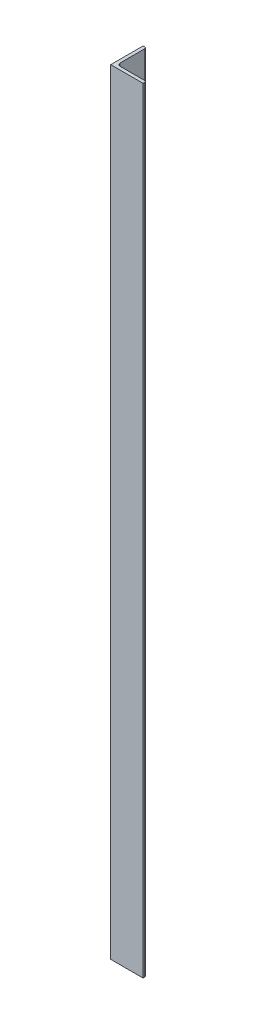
ISO-10303-21;
HEADER;
FILE_DESCRIPTION(('STEP AP214'),'2;1');
FILE_NAME('part.step','',(''),(''),'','','');
FILE_SCHEMA(('AUTOMOTIVE_DESIGN { 1 0 10303 214 1 1 1 1 }'));
ENDSEC;
DATA;
#1=APPLICATION_CONTEXT('core data for automotive mechanical design processes');
#2=APPLICATION_PROTOCOL_DEFINITION('international standard','automotive_design',2000,#1);
#3=PRODUCT_CONTEXT('',#1,'mechanical');
#4=PRODUCT('Part','Part','',(#3));
#5=PRODUCT_RELATED_PRODUCT_CATEGORY('part','',(#4));
#6=PRODUCT_DEFINITION_FORMATION('','',#4);
#7=PRODUCT_DEFINITION_CONTEXT('part definition',#1,'design');
#8=PRODUCT_DEFINITION('design','',#6,#7);
#9=PRODUCT_DEFINITION_SHAPE('','',#8);
#10=(LENGTH_UNIT() NAMED_UNIT(*) SI_UNIT(.MILLI.,.METRE.));
#11=(NAMED_UNIT(*) PLANE_ANGLE_UNIT() SI_UNIT($,.RADIAN.));
#12=(NAMED_UNIT(*) SI_UNIT($,.STERADIAN.) SOLID_ANGLE_UNIT());
#13=UNCERTAINTY_MEASURE_WITH_UNIT(LENGTH_MEASURE(1.E-05),#10,'distance_accuracy_value','');
#14=(GEOMETRIC_REPRESENTATION_CONTEXT(3) GLOBAL_UNCERTAINTY_ASSIGNED_CONTEXT((#13)) GLOBAL_UNIT_ASSIGNED_CONTEXT((#10,
#11,#12)) REPRESENTATION_CONTEXT('',''));
#15=CARTESIAN_POINT('',(0.,0.,0.));
#16=DIRECTION('',(0.,0.,1.));
#17=DIRECTION('',(1.,0.,0.));
#18=AXIS2_PLACEMENT_3D('',#15,#16,#17);
#19=CARTESIAN_POINT('',(-2.5,1200.,-47.5));
#20=DIRECTION('',(0.,0.,1.));
#21=DIRECTION('',(1.,0.,0.));
#22=AXIS2_PLACEMENT_3D('',#19,#20,#21);
#23=PLANE('',#22);
#24=DIRECTION('',(-1.,0.,0.));
#25=VECTOR('',#24,1.);
#26=CARTESIAN_POINT('',(-2.5,0.,-47.5));
#27=LINE('',#26,#25);
#28=CARTESIAN_POINT('',(0.,0.,-47.5));
#29=VERTEX_POINT('',#28);
#30=CARTESIAN_POINT('',(-2.5,0.,-47.5));
#31=VERTEX_POINT('',#30);
#32=EDGE_CURVE('E132',#29,#31,#27,.T.);
#33=ORIENTED_EDGE('',*,*,#32,.T.);
#34=DIRECTION('',(0.,-1.,0.));
#35=VECTOR('',#34,1.);
#36=CARTESIAN_POINT('',(-2.5,1200.,-47.5));
#37=LINE('',#36,#35);
#38=CARTESIAN_POINT('',(-2.5,1200.,-47.5));
#39=VERTEX_POINT('',#38);
#40=EDGE_CURVE('E11',#39,#31,#37,.T.);
#41=ORIENTED_EDGE('',*,*,#40,.F.);
#42=DIRECTION('',(-1.,0.,0.));
#43=VECTOR('',#42,1.);
#44=CARTESIAN_POINT('',(-2.5,1200.,-47.5));
#45=LINE('',#44,#43);
#46=CARTESIAN_POINT('',(0.,1200.,-47.5));
#47=VERTEX_POINT('',#46);
#48=EDGE_CURVE('E148',#47,#39,#45,.T.);
#49=ORIENTED_EDGE('',*,*,#48,.F.);
#50=DIRECTION('',(0.,-1.,0.));
#51=VECTOR('',#50,1.);
#52=CARTESIAN_POINT('',(0.,1200.,-47.5));
#53=LINE('',#52,#51);
#54=EDGE_CURVE('E128',#47,#29,#53,.T.);
#55=ORIENTED_EDGE('',*,*,#54,.T.);
#56=EDGE_LOOP('',(#33,#41,#49,#55));
#57=FACE_BOUND('',#56,.T.);
#58=ADVANCED_FACE('F30',(#57),#23,.F.);
#59=CARTESIAN_POINT('',(-2.5,1200.,-47.5));
#60=DIRECTION('',(1.,0.,0.));
#61=DIRECTION('',(0.,0.,-1.));
#62=AXIS2_PLACEMENT_3D('',#59,#60,#61);
#63=PLANE('',#62);
#64=DIRECTION('',(0.,0.,1.));
#65=VECTOR('',#64,1.);
#66=CARTESIAN_POINT('',(-2.5,0.,-47.5));
#67=LINE('',#66,#65);
#68=CARTESIAN_POINT('',(-2.50000000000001,0.,2.49999999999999));
#69=VERTEX_POINT('',#68);
#70=EDGE_CURVE('E135',#31,#69,#67,.T.);
#71=ORIENTED_EDGE('',*,*,#70,.T.);
#72=DIRECTION('',(0.,-1.,0.));
#73=VECTOR('',#72,1.);
#74=CARTESIAN_POINT('',(-2.50000000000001,1200.,2.49999999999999));
#75=LINE('',#74,#73);
#76=CARTESIAN_POINT('',(-2.50000000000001,1200.,2.49999999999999));
#77=VERTEX_POINT('',#76);
#78=EDGE_CURVE('E38',#77,#69,#75,.T.);
#79=ORIENTED_EDGE('',*,*,#78,.F.);
#80=DIRECTION('',(0.,0.,1.));
#81=VECTOR('',#80,1.);
#82=CARTESIAN_POINT('',(-2.5,1200.,-47.5));
#83=LINE('',#82,#81);
#84=EDGE_CURVE('E92',#39,#77,#83,.T.);
#85=ORIENTED_EDGE('',*,*,#84,.F.);
#86=ORIENTED_EDGE('',*,*,#40,.T.);
#87=EDGE_LOOP('',(#71,#79,#85,#86));
#88=FACE_BOUND('',#87,.T.);
#89=ADVANCED_FACE('F191',(#88),#63,.F.);
#90=CARTESIAN_POINT('',(-2.50000000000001,1200.,2.49999999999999));
#91=DIRECTION('',(0.,0.,-1.));
#92=DIRECTION('',(-1.,0.,0.));
#93=AXIS2_PLACEMENT_3D('',#90,#91,#92);
#94=PLANE('',#93);
#95=DIRECTION('',(1.,0.,0.));
#96=VECTOR('',#95,1.);
#97=CARTESIAN_POINT('',(-2.50000000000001,0.,2.49999999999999));
#98=LINE('',#97,#96);
#99=CARTESIAN_POINT('',(47.5,0.,2.49999999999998));
#100=VERTEX_POINT('',#99);
#101=EDGE_CURVE('E137',#69,#100,#98,.T.);
#102=ORIENTED_EDGE('',*,*,#101,.T.);
#103=DIRECTION('',(0.,-1.,0.));
#104=VECTOR('',#103,1.);
#105=CARTESIAN_POINT('',(47.5,1200.,2.49999999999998));
#106=LINE('',#105,#104);
#107=CARTESIAN_POINT('',(47.5,1200.,2.49999999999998));
#108=VERTEX_POINT('',#107);
#109=EDGE_CURVE('E158',#108,#100,#106,.T.);
#110=ORIENTED_EDGE('',*,*,#109,.F.);
#111=DIRECTION('',(1.,0.,0.));
#112=VECTOR('',#111,1.);
#113=CARTESIAN_POINT('',(-2.50000000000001,1200.,2.49999999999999));
#114=LINE('',#113,#112);
#115=EDGE_CURVE('E166',#77,#108,#114,.T.);
#116=ORIENTED_EDGE('',*,*,#115,.F.);
#117=ORIENTED_EDGE('',*,*,#78,.T.);
#118=EDGE_LOOP('',(#102,#110,#116,#117));
#119=FACE_BOUND('',#118,.T.);
#120=ADVANCED_FACE('F164',(#119),#94,.F.);
#121=CARTESIAN_POINT('',(47.5,1200.,2.49999999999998));
#122=DIRECTION('',(-1.,0.,0.));
#123=DIRECTION('',(0.,0.,1.));
#124=AXIS2_PLACEMENT_3D('',#121,#122,#123);
#125=PLANE('',#124);
#126=DIRECTION('',(0.,0.,-1.));
#127=VECTOR('',#126,1.);
#128=CARTESIAN_POINT('',(47.5,0.,2.49999999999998));
#129=LINE('',#128,#127);
#130=CARTESIAN_POINT('',(47.5,0.,0.));
#131=VERTEX_POINT('',#130);
#132=EDGE_CURVE('E139',#100,#131,#129,.T.);
#133=ORIENTED_EDGE('',*,*,#132,.T.);
#134=DIRECTION('',(0.,-1.,0.));
#135=VECTOR('',#134,1.);
#136=CARTESIAN_POINT('',(47.5,1200.,0.));
#137=LINE('',#136,#135);
#138=CARTESIAN_POINT('',(47.5,1200.,0.));
#139=VERTEX_POINT('',#138);
#140=EDGE_CURVE('E155',#139,#131,#137,.T.);
#141=ORIENTED_EDGE('',*,*,#140,.F.);
#142=DIRECTION('',(0.,0.,-1.));
#143=VECTOR('',#142,1.);
#144=CARTESIAN_POINT('',(47.5,1200.,2.49999999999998));
#145=LINE('',#144,#143);
#146=EDGE_CURVE('E182',#108,#139,#145,.T.);
#147=ORIENTED_EDGE('',*,*,#146,.F.);
#148=ORIENTED_EDGE('',*,*,#109,.T.);
#149=EDGE_LOOP('',(#133,#141,#147,#148));
#150=FACE_BOUND('',#149,.T.);
#151=ADVANCED_FACE('F175',(#150),#125,.F.);
#152=CARTESIAN_POINT('',(45.,1200.,0.));
#153=DIRECTION('',(0.,-1.,0.));
#154=DIRECTION('',(0.,0.,-1.));
#155=AXIS2_PLACEMENT_3D('',#152,#153,#154);
#156=CYLINDRICAL_SURFACE('',#155,2.5);
#157=CARTESIAN_POINT('',(45.,0.,0.));
#158=DIRECTION('',(0.,1.,0.));
#159=DIRECTION('',(0.,0.,-1.));
#160=AXIS2_PLACEMENT_3D('',#157,#158,#159);
#161=CIRCLE('',#160,2.5);
#162=CARTESIAN_POINT('',(45.,0.,-2.49999999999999));
#163=VERTEX_POINT('',#162);
#164=EDGE_CURVE('E141',#131,#163,#161,.T.);
#165=ORIENTED_EDGE('',*,*,#164,.T.);
#166=DIRECTION('',(0.,-1.,0.));
#167=VECTOR('',#166,1.);
#168=CARTESIAN_POINT('',(45.,1200.,-2.49999999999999));
#169=LINE('',#168,#167);
#170=CARTESIAN_POINT('',(45.,1200.,-2.49999999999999));
#171=VERTEX_POINT('',#170);
#172=EDGE_CURVE('E152',#171,#163,#169,.T.);
#173=ORIENTED_EDGE('',*,*,#172,.F.);
#174=CARTESIAN_POINT('',(45.,1200.,0.));
#175=DIRECTION('',(0.,1.,0.));
#176=DIRECTION('',(0.,0.,-1.));
#177=AXIS2_PLACEMENT_3D('',#174,#175,#176);
#178=CIRCLE('',#177,2.5);
#179=EDGE_CURVE('E181',#139,#171,#178,.T.);
#180=ORIENTED_EDGE('',*,*,#179,.F.);
#181=ORIENTED_EDGE('',*,*,#140,.T.);
#182=EDGE_LOOP('',(#165,#173,#180,#181));
#183=FACE_BOUND('',#182,.T.);
#184=ADVANCED_FACE('F179',(#183),#156,.T.);
#185=CARTESIAN_POINT('',(45.,1200.,-2.49999999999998));
#186=DIRECTION('',(0.,0.,1.));
#187=DIRECTION('',(1.,0.,0.));
#188=AXIS2_PLACEMENT_3D('',#185,#186,#187);
#189=PLANE('',#188);
#190=DIRECTION('',(-1.,0.,0.));
#191=VECTOR('',#190,1.);
#192=CARTESIAN_POINT('',(45.,0.,-2.49999999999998));
#193=LINE('',#192,#191);
#194=CARTESIAN_POINT('',(7.50000000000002,0.,-2.5));
#195=VERTEX_POINT('',#194);
#196=EDGE_CURVE('E143',#163,#195,#193,.T.);
#197=ORIENTED_EDGE('',*,*,#196,.T.);
#198=DIRECTION('',(0.,-1.,0.));
#199=VECTOR('',#198,1.);
#200=CARTESIAN_POINT('',(7.50000000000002,1200.,-2.5));
#201=LINE('',#200,#199);
#202=CARTESIAN_POINT('',(7.50000000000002,1200.,-2.5));
#203=VERTEX_POINT('',#202);
#204=EDGE_CURVE('E123',#203,#195,#201,.T.);
#205=ORIENTED_EDGE('',*,*,#204,.F.);
#206=DIRECTION('',(-1.,0.,0.));
#207=VECTOR('',#206,1.);
#208=CARTESIAN_POINT('',(45.,1200.,-2.49999999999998));
#209=LINE('',#208,#207);
#210=EDGE_CURVE('E114',#171,#203,#209,.T.);
#211=ORIENTED_EDGE('',*,*,#210,.F.);
#212=ORIENTED_EDGE('',*,*,#172,.T.);
#213=EDGE_LOOP('',(#197,#205,#211,#212));
#214=FACE_BOUND('',#213,.T.);
#215=ADVANCED_FACE('F203',(#214),#189,.F.);
#216=CARTESIAN_POINT('',(7.49999999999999,1200.,-7.5));
#217=DIRECTION('',(0.,-1.,0.));
#218=DIRECTION('',(0.,0.,-1.));
#219=AXIS2_PLACEMENT_3D('',#216,#217,#218);
#220=CYLINDRICAL_SURFACE('',#219,5.);
#221=CARTESIAN_POINT('',(7.49999999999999,0.,-7.5));
#222=DIRECTION('',(0.,-1.,0.));
#223=DIRECTION('',(0.,0.,1.));
#224=AXIS2_PLACEMENT_3D('',#221,#222,#223);
#225=CIRCLE('',#224,5.);
#226=CARTESIAN_POINT('',(2.49999999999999,0.,-7.50000000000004));
#227=VERTEX_POINT('',#226);
#228=EDGE_CURVE('E122',#195,#227,#225,.T.);
#229=ORIENTED_EDGE('',*,*,#228,.T.);
#230=DIRECTION('',(0.,-1.,0.));
#231=VECTOR('',#230,1.);
#232=CARTESIAN_POINT('',(2.49999999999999,1200.,-7.50000000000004));
#233=LINE('',#232,#231);
#234=CARTESIAN_POINT('',(2.49999999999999,1200.,-7.50000000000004));
#235=VERTEX_POINT('',#234);
#236=EDGE_CURVE('E119',#235,#227,#233,.T.);
#237=ORIENTED_EDGE('',*,*,#236,.F.);
#238=CARTESIAN_POINT('',(7.49999999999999,1200.,-7.5));
#239=DIRECTION('',(0.,-1.,0.));
#240=DIRECTION('',(0.,0.,1.));
#241=AXIS2_PLACEMENT_3D('',#238,#239,#240);
#242=CIRCLE('',#241,5.);
#243=EDGE_CURVE('E108',#203,#235,#242,.T.);
#244=ORIENTED_EDGE('',*,*,#243,.F.);
#245=ORIENTED_EDGE('',*,*,#204,.T.);
#246=EDGE_LOOP('',(#229,#237,#244,#245));
#247=FACE_BOUND('',#246,.T.);
#248=ADVANCED_FACE('F120',(#247),#220,.F.);
#249=CARTESIAN_POINT('',(2.49999999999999,1200.,-7.50000000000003));
#250=DIRECTION('',(-1.,0.,0.));
#251=DIRECTION('',(0.,0.,1.));
#252=AXIS2_PLACEMENT_3D('',#249,#250,#251);
#253=PLANE('',#252);
#254=DIRECTION('',(0.,0.,-1.));
#255=VECTOR('',#254,1.);
#256=CARTESIAN_POINT('',(2.49999999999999,0.,-7.50000000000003));
#257=LINE('',#256,#255);
#258=CARTESIAN_POINT('',(2.49999999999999,0.,-45.));
#259=VERTEX_POINT('',#258);
#260=EDGE_CURVE('E78',#227,#259,#257,.T.);
#261=ORIENTED_EDGE('',*,*,#260,.T.);
#262=DIRECTION('',(0.,-1.,0.));
#263=VECTOR('',#262,1.);
#264=CARTESIAN_POINT('',(2.49999999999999,1200.,-45.));
#265=LINE('',#264,#263);
#266=CARTESIAN_POINT('',(2.49999999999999,1200.,-45.));
#267=VERTEX_POINT('',#266);
#268=EDGE_CURVE('E124',#267,#259,#265,.T.);
#269=ORIENTED_EDGE('',*,*,#268,.F.);
#270=DIRECTION('',(0.,0.,-1.));
#271=VECTOR('',#270,1.);
#272=CARTESIAN_POINT('',(2.49999999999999,1200.,-7.50000000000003));
#273=LINE('',#272,#271);
#274=EDGE_CURVE('E112',#235,#267,#273,.T.);
#275=ORIENTED_EDGE('',*,*,#274,.F.);
#276=ORIENTED_EDGE('',*,*,#236,.T.);
#277=EDGE_LOOP('',(#261,#269,#275,#276));
#278=FACE_BOUND('',#277,.T.);
#279=ADVANCED_FACE('F126',(#278),#253,.F.);
#280=CARTESIAN_POINT('',(0.,1200.,-45.));
#281=DIRECTION('',(0.,-1.,0.));
#282=DIRECTION('',(0.,0.,-1.));
#283=AXIS2_PLACEMENT_3D('',#280,#281,#282);
#284=CYLINDRICAL_SURFACE('',#283,2.5);
#285=CARTESIAN_POINT('',(0.,0.,-45.));
#286=DIRECTION('',(0.,1.,0.));
#287=DIRECTION('',(0.,0.,-1.));
#288=AXIS2_PLACEMENT_3D('',#285,#286,#287);
#289=CIRCLE('',#288,2.5);
#290=EDGE_CURVE('E84',#259,#29,#289,.T.);
#291=ORIENTED_EDGE('',*,*,#290,.T.);
#292=ORIENTED_EDGE('',*,*,#54,.F.);
#293=CARTESIAN_POINT('',(0.,1200.,-45.));
#294=DIRECTION('',(0.,1.,0.));
#295=DIRECTION('',(0.,0.,-1.));
#296=AXIS2_PLACEMENT_3D('',#293,#294,#295);
#297=CIRCLE('',#296,2.5);
#298=EDGE_CURVE('E46',#267,#47,#297,.T.);
#299=ORIENTED_EDGE('',*,*,#298,.F.);
#300=ORIENTED_EDGE('',*,*,#268,.T.);
#301=EDGE_LOOP('',(#291,#292,#299,#300));
#302=FACE_BOUND('',#301,.T.);
#303=ADVANCED_FACE('F211',(#302),#284,.T.);
#304=CARTESIAN_POINT('',(0.,1200.,-45.));
#305=DIRECTION('',(0.,-1.,0.));
#306=DIRECTION('',(0.,0.,-1.));
#307=AXIS2_PLACEMENT_3D('',#304,#305,#306);
#308=PLANE('',#307);
#309=ORIENTED_EDGE('',*,*,#48,.T.);
#310=ORIENTED_EDGE('',*,*,#84,.T.);
#311=ORIENTED_EDGE('',*,*,#115,.T.);
#312=ORIENTED_EDGE('',*,*,#146,.T.);
#313=ORIENTED_EDGE('',*,*,#179,.T.);
#314=ORIENTED_EDGE('',*,*,#210,.T.);
#315=ORIENTED_EDGE('',*,*,#243,.T.);
#316=ORIENTED_EDGE('',*,*,#274,.T.);
#317=ORIENTED_EDGE('',*,*,#298,.T.);
#318=EDGE_LOOP('',(#309,#310,#311,#312,#313,#314,#315,#316,#317));
#319=FACE_BOUND('',#318,.T.);
#320=ADVANCED_FACE('F110',(#319),#308,.F.);
#321=CARTESIAN_POINT('',(0.,0.,-45.));
#322=DIRECTION('',(0.,-1.,0.));
#323=DIRECTION('',(0.,0.,-1.));
#324=AXIS2_PLACEMENT_3D('',#321,#322,#323);
#325=PLANE('',#324);
#326=ORIENTED_EDGE('',*,*,#32,.F.);
#327=ORIENTED_EDGE('',*,*,#290,.F.);
#328=ORIENTED_EDGE('',*,*,#260,.F.);
#329=ORIENTED_EDGE('',*,*,#228,.F.);
#330=ORIENTED_EDGE('',*,*,#196,.F.);
#331=ORIENTED_EDGE('',*,*,#164,.F.);
#332=ORIENTED_EDGE('',*,*,#132,.F.);
#333=ORIENTED_EDGE('',*,*,#101,.F.);
#334=ORIENTED_EDGE('',*,*,#70,.F.);
#335=EDGE_LOOP('',(#326,#327,#328,#329,#330,#331,#332,#333,#334));
#336=FACE_BOUND('',#335,.T.);
#337=ADVANCED_FACE('F170',(#336),#325,.T.);
#338=CLOSED_SHELL('',(#58,#89,#120,#151,#184,#215,#248,#279,#303,#320,#337));
#339=MANIFOLD_SOLID_BREP('B2',#338);
#340=ADVANCED_BREP_SHAPE_REPRESENTATION('',(#18,#339),#14);
#341=SHAPE_DEFINITION_REPRESENTATION(#9,#340);
ENDSEC;
END-ISO-10303-21;

* **The task**:
Only the lines from the top of the material above down to the line bearing "#15=CARTESIAN_POINT('',(0.,0.,0.));", that line included, should be set down exactly; no pictures.

* **Finished exercise**:
ISO-10303-21;
HEADER;
FILE_DESCRIPTION(('STEP AP214'),'2;1');
FILE_NAME('part.step','',(''),(''),'','','');
FILE_SCHEMA(('AUTOMOTIVE_DESIGN { 1 0 10303 214 1 1 1 1 }'));
ENDSEC;
DATA;
#1=APPLICATION_CONTEXT('core data for automotive mechanical design processes');
#2=APPLICATION_PROTOCOL_DEFINITION('international standard','automotive_design',2000,#1);
#3=PRODUCT_CONTEXT('',#1,'mechanical');
#4=PRODUCT('Part','Part','',(#3));
#5=PRODUCT_RELATED_PRODUCT_CATEGORY('part','',(#4));
#6=PRODUCT_DEFINITION_FORMATION('','',#4);
#7=PRODUCT_DEFINITION_CONTEXT('part definition',#1,'design');
#8=PRODUCT_DEFINITION('design','',#6,#7);
#9=PRODUCT_DEFINITION_SHAPE('','',#8);
#10=(LENGTH_UNIT() NAMED_UNIT(*) SI_UNIT(.MILLI.,.METRE.));
#11=(NAMED_UNIT(*) PLANE_ANGLE_UNIT() SI_UNIT($,.RADIAN.));
#12=(NAMED_UNIT(*) SI_UNIT($,.STERADIAN.) SOLID_ANGLE_UNIT());
#13=UNCERTAINTY_MEASURE_WITH_UNIT(LENGTH_MEASURE(1.E-05),#10,'distance_accuracy_value','');
#14=(GEOMETRIC_REPRESENTATION_CONTEXT(3) GLOBAL_UNCERTAINTY_ASSIGNED_CONTEXT((#13)) GLOBAL_UNIT_ASSIGNED_CONTEXT((#10,
#11,#12)) REPRESENTATION_CONTEXT('',''));
#15=CARTESIAN_POINT('',(0.,0.,0.));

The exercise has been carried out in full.